Tension-Torsion Multiaxial Creep-Fatigue for CMSX-2 Nickel Base Single Crystal Superalloy

Abstract

This paper describes tension-torsion multiaxial creep-fatigue for CMSX-2 nickel base single crystal superalloy at 1173K. Strain controlled tension-torsion low cycle fatigue tests with hold-times were carried out using hollow cylinder specimens, of which the axis agrees with [001] crystallographic direction. Hold-times in torsion tests were more detrimental to lifetimes than those in tension tests. Mises' equivalent strain range parameter gave a large scatter for the correlation of creep-fatigue lives. The relationship between creep-fatigue lifetime and elastic strain range had strong dependence on a principal strain ratio but that between the lifetime and plastic and creep strains had almost no dependence. A linear damage rule gave a proper estimate in tension tests, but substantially overestimated lifetimes in torsion tests.
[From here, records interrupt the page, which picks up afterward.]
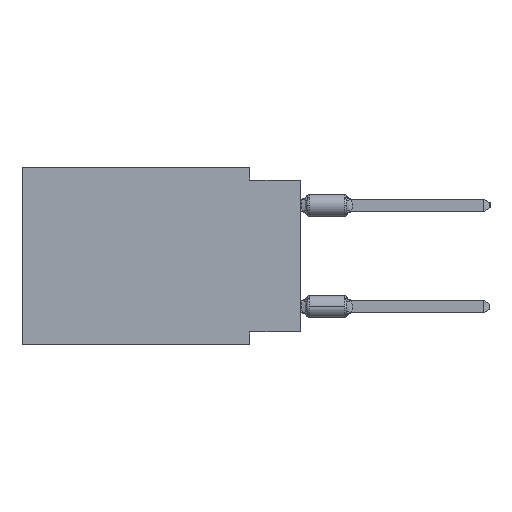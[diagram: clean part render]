
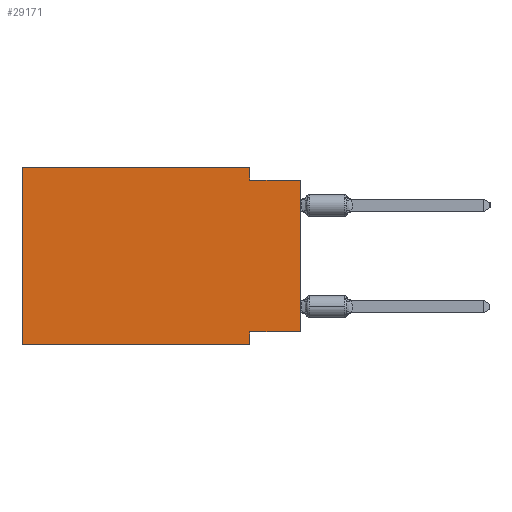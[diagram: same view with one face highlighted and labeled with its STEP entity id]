
A CAD part, left-side view. The second image highlights one B-rep face of the part: STEP entity #29171.
In plain terms, the highlighted planar face has unit normal (-1, 0, 0).
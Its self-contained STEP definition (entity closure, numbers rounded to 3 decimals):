
#987 = CARTESIAN_POINT ( 'NONE',  ( 0., 2.54, -8.255 ) ) ;
#1313 = VECTOR ( 'NONE', #23234, 1000. ) ;
#2126 = ORIENTED_EDGE ( 'NONE', *, *, #20011, .T. ) ;
#2140 = VERTEX_POINT ( 'NONE', #987 ) ;
#2350 = CARTESIAN_POINT ( 'NONE',  ( 0., 2.54, -0.635 ) ) ;
#3637 = DIRECTION ( 'NONE',  ( 0., -1., 0. ) ) ;
#4051 = LINE ( 'NONE', #26778, #6543 ) ;
#4215 = CARTESIAN_POINT ( 'NONE',  ( 0., 2.54, 0. ) ) ;
#5336 = VERTEX_POINT ( 'NONE', #2350 ) ;
#5460 = CARTESIAN_POINT ( 'NONE',  ( 0., 0., -0.635 ) ) ;
#5761 = VECTOR ( 'NONE', #21823, 1000. ) ;
#5780 = CARTESIAN_POINT ( 'NONE',  ( 0., 2.54, 0. ) ) ;
#6543 = VECTOR ( 'NONE', #31552, 1000. ) ;
#6777 = CARTESIAN_POINT ( 'NONE',  ( 0., 13.97, 0. ) ) ;
#7352 = CARTESIAN_POINT ( 'NONE',  ( 0., 0., -8.255 ) ) ;
#8940 = ORIENTED_EDGE ( 'NONE', *, *, #20585, .F. ) ;
#9234 = CARTESIAN_POINT ( 'NONE',  ( 0., 0., 0. ) ) ;
#9564 = LINE ( 'NONE', #6777, #9950 ) ;
#9653 = EDGE_CURVE ( 'NONE', #12312, #31322, #9564, .T. ) ;
#9950 = VECTOR ( 'NONE', #17139, 1000. ) ;
#10287 = FACE_OUTER_BOUND ( 'NONE', #30785, .T. ) ;
#11455 = VERTEX_POINT ( 'NONE', #17343 ) ;
#11531 = VECTOR ( 'NONE', #17640, 1000. ) ;
#11705 = ORIENTED_EDGE ( 'NONE', *, *, #21477, .F. ) ;
#12075 = EDGE_CURVE ( 'NONE', #12189, #2140, #4051, .T. ) ;
#12087 = VECTOR ( 'NONE', #24378, 1000. ) ;
#12189 = VERTEX_POINT ( 'NONE', #7352 ) ;
#12312 = VERTEX_POINT ( 'NONE', #17860 ) ;
#12588 = ORIENTED_EDGE ( 'NONE', *, *, #12750, .F. ) ;
#12750 = EDGE_CURVE ( 'NONE', #5336, #25611, #12876, .T. ) ;
#12876 = LINE ( 'NONE', #5460, #1313 ) ;
#12944 = DIRECTION ( 'NONE',  ( 0., 0., -1. ) ) ;
#13412 = CARTESIAN_POINT ( 'NONE',  ( 0., 13.97, 0. ) ) ;
#14859 = LINE ( 'NONE', #27211, #11531 ) ;
#15237 = AXIS2_PLACEMENT_3D ( 'NONE', #13412, #18025, #18346 ) ;
#16009 = ORIENTED_EDGE ( 'NONE', *, *, #9653, .F. ) ;
#16814 = LINE ( 'NONE', #26522, #21561 ) ;
#16817 = LINE ( 'NONE', #9234, #12087 ) ;
#17139 = DIRECTION ( 'NONE',  ( 0., 0., 1. ) ) ;
#17343 = CARTESIAN_POINT ( 'NONE',  ( 0., 2.54, -8.89 ) ) ;
#17640 = DIRECTION ( 'NONE',  ( 0., -1., 0. ) ) ;
#17860 = CARTESIAN_POINT ( 'NONE',  ( 0., 13.97, -8.89 ) ) ;
#18025 = DIRECTION ( 'NONE',  ( 1., 0., 0. ) ) ;
#18066 = CARTESIAN_POINT ( 'NONE',  ( 0., 13.97, 0. ) ) ;
#18346 = DIRECTION ( 'NONE',  ( 0., 0., -1. ) ) ;
#18407 = ORIENTED_EDGE ( 'NONE', *, *, #12075, .F. ) ;
#19179 = EDGE_CURVE ( 'NONE', #2140, #11455, #29751, .T. ) ;
#20011 = EDGE_CURVE ( 'NONE', #12312, #11455, #14859, .T. ) ;
#20490 = PLANE ( 'NONE',  #15237 ) ;
#20585 = EDGE_CURVE ( 'NONE', #23051, #5336, #27096, .T. ) ;
#20909 = ORIENTED_EDGE ( 'NONE', *, *, #28609, .T. ) ;
#21477 = EDGE_CURVE ( 'NONE', #31322, #23051, #16814, .T. ) ;
#21561 = VECTOR ( 'NONE', #3637, 1000. ) ;
#21823 = DIRECTION ( 'NONE',  ( 0., 0., -1. ) ) ;
#23051 = VERTEX_POINT ( 'NONE', #5780 ) ;
#23234 = DIRECTION ( 'NONE',  ( 0., -1., 0. ) ) ;
#23551 = CARTESIAN_POINT ( 'NONE',  ( 0., 0., -0.635 ) ) ;
#24378 = DIRECTION ( 'NONE',  ( 0., 0., 1. ) ) ;
#25611 = VERTEX_POINT ( 'NONE', #23551 ) ;
#26522 = CARTESIAN_POINT ( 'NONE',  ( 0., 13.97, 0. ) ) ;
#26778 = CARTESIAN_POINT ( 'NONE',  ( 0., 0., -8.255 ) ) ;
#27096 = LINE ( 'NONE', #4215, #5761 ) ;
#27211 = CARTESIAN_POINT ( 'NONE',  ( 0., 13.97, -8.89 ) ) ;
#28609 = EDGE_CURVE ( 'NONE', #12189, #25611, #16817, .T. ) ;
#29171 = ADVANCED_FACE ( 'NONE', ( #10287 ), #20490, .F. ) ;
#29376 = ORIENTED_EDGE ( 'NONE', *, *, #19179, .F. ) ;
#29751 = LINE ( 'NONE', #30073, #31968 ) ;
#30073 = CARTESIAN_POINT ( 'NONE',  ( 0., 2.54, -8.89 ) ) ;
#30785 = EDGE_LOOP ( 'NONE', ( #20909, #12588, #8940, #11705, #16009, #2126, #29376, #18407 ) ) ;
#31322 = VERTEX_POINT ( 'NONE', #18066 ) ;
#31552 = DIRECTION ( 'NONE',  ( 0., 1., 0. ) ) ;
#31968 = VECTOR ( 'NONE', #12944, 1000. ) ;

A new simple lifetime prediction method, taking account of anisotropy of the elastic modulus, was proposed. The method predicted the experimental lifetimes within a factor of 3 scatter band. Cracks in tension tests propagated in a principal strain direction but these in torsion tests in a maximum shear direction. In torsion tests, cracks were only observed in soft-zones predicted by numerical analyses.